Tesla’s FSD v14 ‘Lite’ Hits Older Cars, With Canada Up Next

Tesla has started sending out its FSD v14 Lite update to a small group of early-access owners running older Hardware 3 vehicles, after those cars had been stuck on the previous v12.6.4 software for more than a year.

Getting this update onto older hardware wasn’t simple. Hardware 3 (HW3) has way less memory bandwidth and processing power than the newer Hardware 4 chip (HW4) found on the latest cars, so Tesla had to find a workaround rather than just porting the software over directly. The company ended up distilling the driving behaviour from its newer HW4 models down into something that could actually run on the older computer.

“The AI3 computer only has ~15% of the effective memory bandwidth of AI4, so this was a tough challenge,” said Elon Musk, praising the Tesla AI team.

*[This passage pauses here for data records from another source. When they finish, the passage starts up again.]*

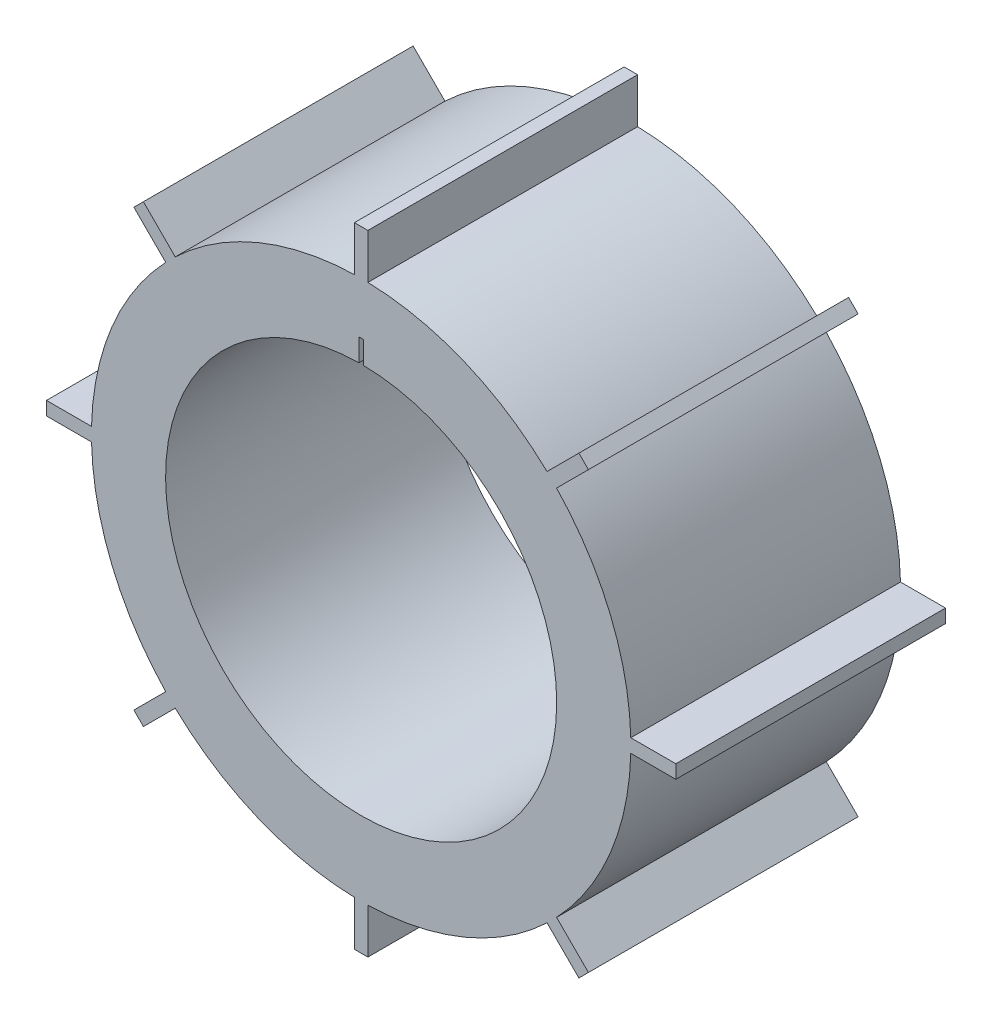
from build123d import *

# Parameters (mm, degrees)
SKETCH1_R           = 60
SKETCH1_R_2         = 43.5
EXTRUSION1_DEPTH    = 60
EXTRUSION3_START    = -60
EXTRUSION3_DEPTH    = 60
BOSS_EXTRUDE1_DEPTH = 60


with BuildPart() as part:
    # Sketch1 → Extrusion1 (new body)
    with BuildSketch(Plane.XY):
        Circle(SKETCH1_R)
        Circle(SKETCH1_R_2, mode=Mode.SUBTRACT)
    extrude(amount=EXTRUSION1_DEPTH)

    # Sketch3 → Extrusion3 (cut)
    with BuildSketch(Plane.XY.offset(60).offset(EXTRUSION3_START)):
        with BuildLine():
            Line((-0.5, 48.5), (-0.5, 43.497126342))
            ThreePointArc((-0.5, 43.497126342), (0, 43.5), (0.5, 43.497126342))
            Line((0.5, 43.497126342), (0.5, 48.5))
            Line((0.5, 48.5), (-0.5, 48.5))
        make_face()
    extrude(amount=EXTRUSION3_DEPTH, mode=Mode.SUBTRACT)

    # Sketch4 → Boss-Extrude1 (add, through all)
    with BuildSketch(Plane.XY.offset(60)):
        with BuildLine():
            Line((41.352486375, 43.473806719), (48.436814511, 50.558134855))
            Line((48.436814511, 50.558134855), (50.558134855, 48.436814511))
            Line((50.558134855, 48.436814511), (43.473806719, 41.352486375))
            ThreePointArc((43.473806719, 41.352486375), (42.426406871, 42.426406871), (41.352486375, 43.473806719))
        make_face()
        with BuildLine():
            Line((1.5, 59.981247069), (1.5, 70))
            Line((1.5, 70), (-1.5, 70))
            Line((-1.5, 70), (-1.5, 59.981247069))
            ThreePointArc((-1.5, 59.981247069), (0, 60), (1.5, 59.981247069))
        make_face()
        with BuildLine():
            Line((59.981247069, 1.5), (70, 1.5))
            Line((70, 1.5), (70, -1.5))
            Line((70, -1.5), (59.981247069, -1.5))
            ThreePointArc((59.981247069, -1.5), (60, 0), (59.981247069, 1.5))
        make_face()
        with BuildLine():
            Line((43.473806719, -41.352486375), (50.558134855, -48.436814511))
            Line((50.558134855, -48.436814511), (48.436814511, -50.558134855))
            Line((48.436814511, -50.558134855), (41.352486375, -43.473806719))
            ThreePointArc((41.352486375, -43.473806719), (42.426406871, -42.426406871), (43.473806719, -41.352486375))
        make_face()
        with BuildLine():
            Line((1.5, -59.981247069), (1.5, -70))
            Line((1.5, -70), (-1.5, -70))
            Line((-1.5, -70), (-1.5, -59.981247069))
            ThreePointArc((-1.5, -59.981247069), (0, -60), (1.5, -59.981247069))
        make_face()
        with BuildLine():
            Line((-41.352486375, -43.473806719), (-48.436814511, -50.558134855))
            Line((-48.436814511, -50.558134855), (-50.558134855, -48.436814511))
            Line((-50.558134855, -48.436814511), (-43.473806719, -41.352486375))
            ThreePointArc((-43.473806719, -41.352486375), (-42.426406871, -42.426406871), (-41.352486375, -43.473806719))
        make_face()
        with BuildLine():
            Line((-59.981247069, -1.5), (-70, -1.5))
            Line((-70, -1.5), (-70, 1.5))
            Line((-70, 1.5), (-59.981247069, 1.5))
            ThreePointArc((-59.981247069, 1.5), (-60, 0), (-59.981247069, -1.5))
        make_face()
        with BuildLine():
            Line((-43.473806719, 41.352486375), (-50.558134855, 48.436814511))
            Line((-50.558134855, 48.436814511), (-48.436814511, 50.558134855))
            Line((-48.436814511, 50.558134855), (-41.352486375, 43.473806719))
            ThreePointArc((-41.352486375, 43.473806719), (-42.426406871, 42.426406871), (-43.473806719, 41.352486375))
        make_face()
    extrude(amount=-BOSS_EXTRUDE1_DEPTH)


solid = part.part
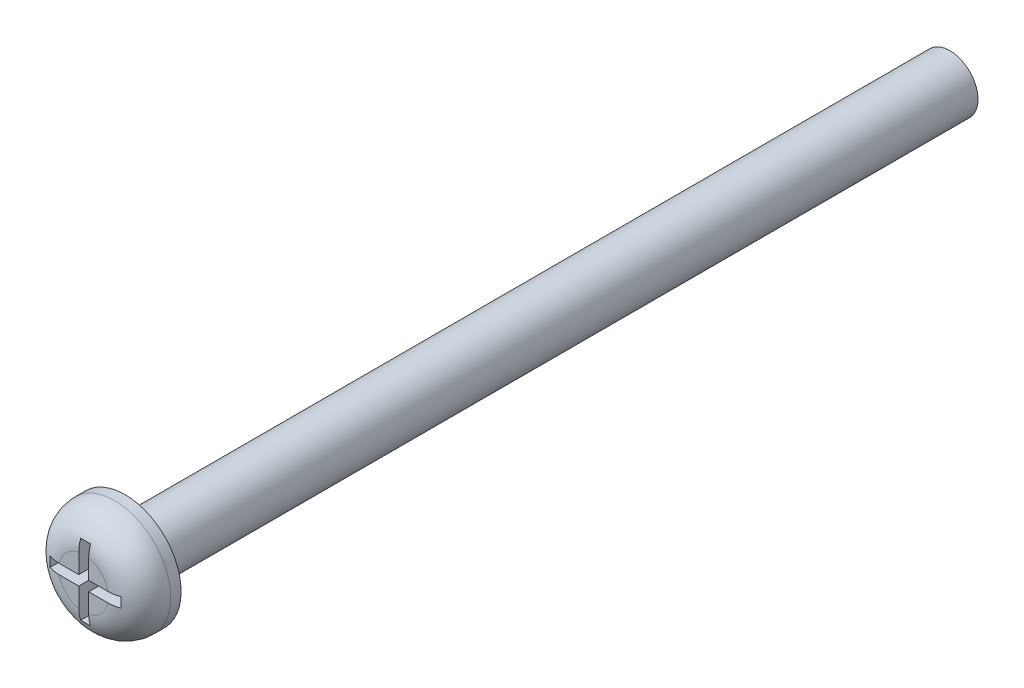
from build123d import *

# Parameters (mm, degrees)
SKETCH1_R           = 1.7272
BOSS_EXTRUDE1_DEPTH = 50.546
SKETCH2_R           = 3.429
BOSS_EXTRUDE2_DEPTH = 2.54
FILLET1_R           = 1.905
CUT_EXTRUDE1_DEPTH  = 1.905


with BuildPart() as part:
    # Sketch1 → Boss-Extrude1 (new body)
    with BuildSketch(Plane.XY):
        Circle(SKETCH1_R)
    extrude(amount=BOSS_EXTRUDE1_DEPTH)

    # Sketch2 → Boss-Extrude2 (add)
    with BuildSketch(Plane.XY.offset(50.546)):
        Circle(SKETCH2_R)
    extrude(amount=BOSS_EXTRUDE2_DEPTH)

    # Fillet1
    fillet1_edges = [part.edges().sort_by_distance(p)[0] for p in [
        (-3.429, 0, 53.086),
    ]]
    fillet(fillet1_edges, radius=FILLET1_R)

    # Sketch3 → Cut-Extrude1 (cut)
    with BuildSketch(Plane.XY.offset(53.086)):
        Polygon((-0.303567799, 0.303567799), (-0.303567799, 2.17637078), (0.303567799, 2.17637078), (0.303567799, 0.303567799), (2.17637078, 0.303567799), (2.17637078, -0.303567799), (0.303567799, -0.303567799), (0.303567799, -2.17637078), (-0.303567799, -2.17637078), (-0.303567799, -0.303567799), (-2.17637078, -0.303567799), (-2.17637078, 0.303567799), align=None)
    extrude(amount=-CUT_EXTRUDE1_DEPTH, mode=Mode.SUBTRACT)


solid = part.part

Tesla’s AI lead, Ashok Elluswamy, confirmed the rollout on Sunday evening. “FSD v14 Lite is now rolling out to AI3 early-access customers. Based on the feedback, will rollout to more customers over the next few weeks,” he wrote. He added that “this build distills the driving behaviour from AI4’s v14 series into both the camera and compute config of AI3,” noting it also includes destination options.

A few early testers have already weighed in after spending the weekend with it. One early access tester, Canadian Zack who lives in California, called the update a “massive leap” over the old software. “FSD v14 lite highway performance is a massive leap over v12.6.4,” he wrote, adding simply, “So so good.”

Later, in Zack’s write up, he noted that the update brings a completely redesigned user interface that mirrors newer HW4 vehicles (which also have the newest cameras). The system introduces a dedicated “Start Self-Driving” button on the centre screen alongside highly customizable speed profiles, which include Sloth, Chill, Standard, and Hurry modes. Also, the software adds advanced destination options that allow the vehicle to automatically manage arrivals, navigating directly into driveways or executing precise curbside and supermarket parking maneuvers.

Zack reported that the overall driving performance felt like a massive leap over the previous software architecture, noting that the car handles highway lane changes and high-speed cornering with exceptional smoothness and precision. He specifically praised the system’s improved decision-making skills at night in L.A., highlighting how consistently the vehicle maintained its set speed limit without dropping speed randomly. The updated driver monitoring system also proved far less intrusive, resulting in significantly fewer steering wheel prompts during extended trips.

For now, Tesla’s keeping this limited to a small early-access group while it watches how the software performs in the real world. If that goes well, the update is expected to eventually make its way out to roughly 4 million HW3 vehicles worldwide where FSD is approved, and Canadians are likely to get this as part of the next wave of rollouts (as we’ve seen in the past).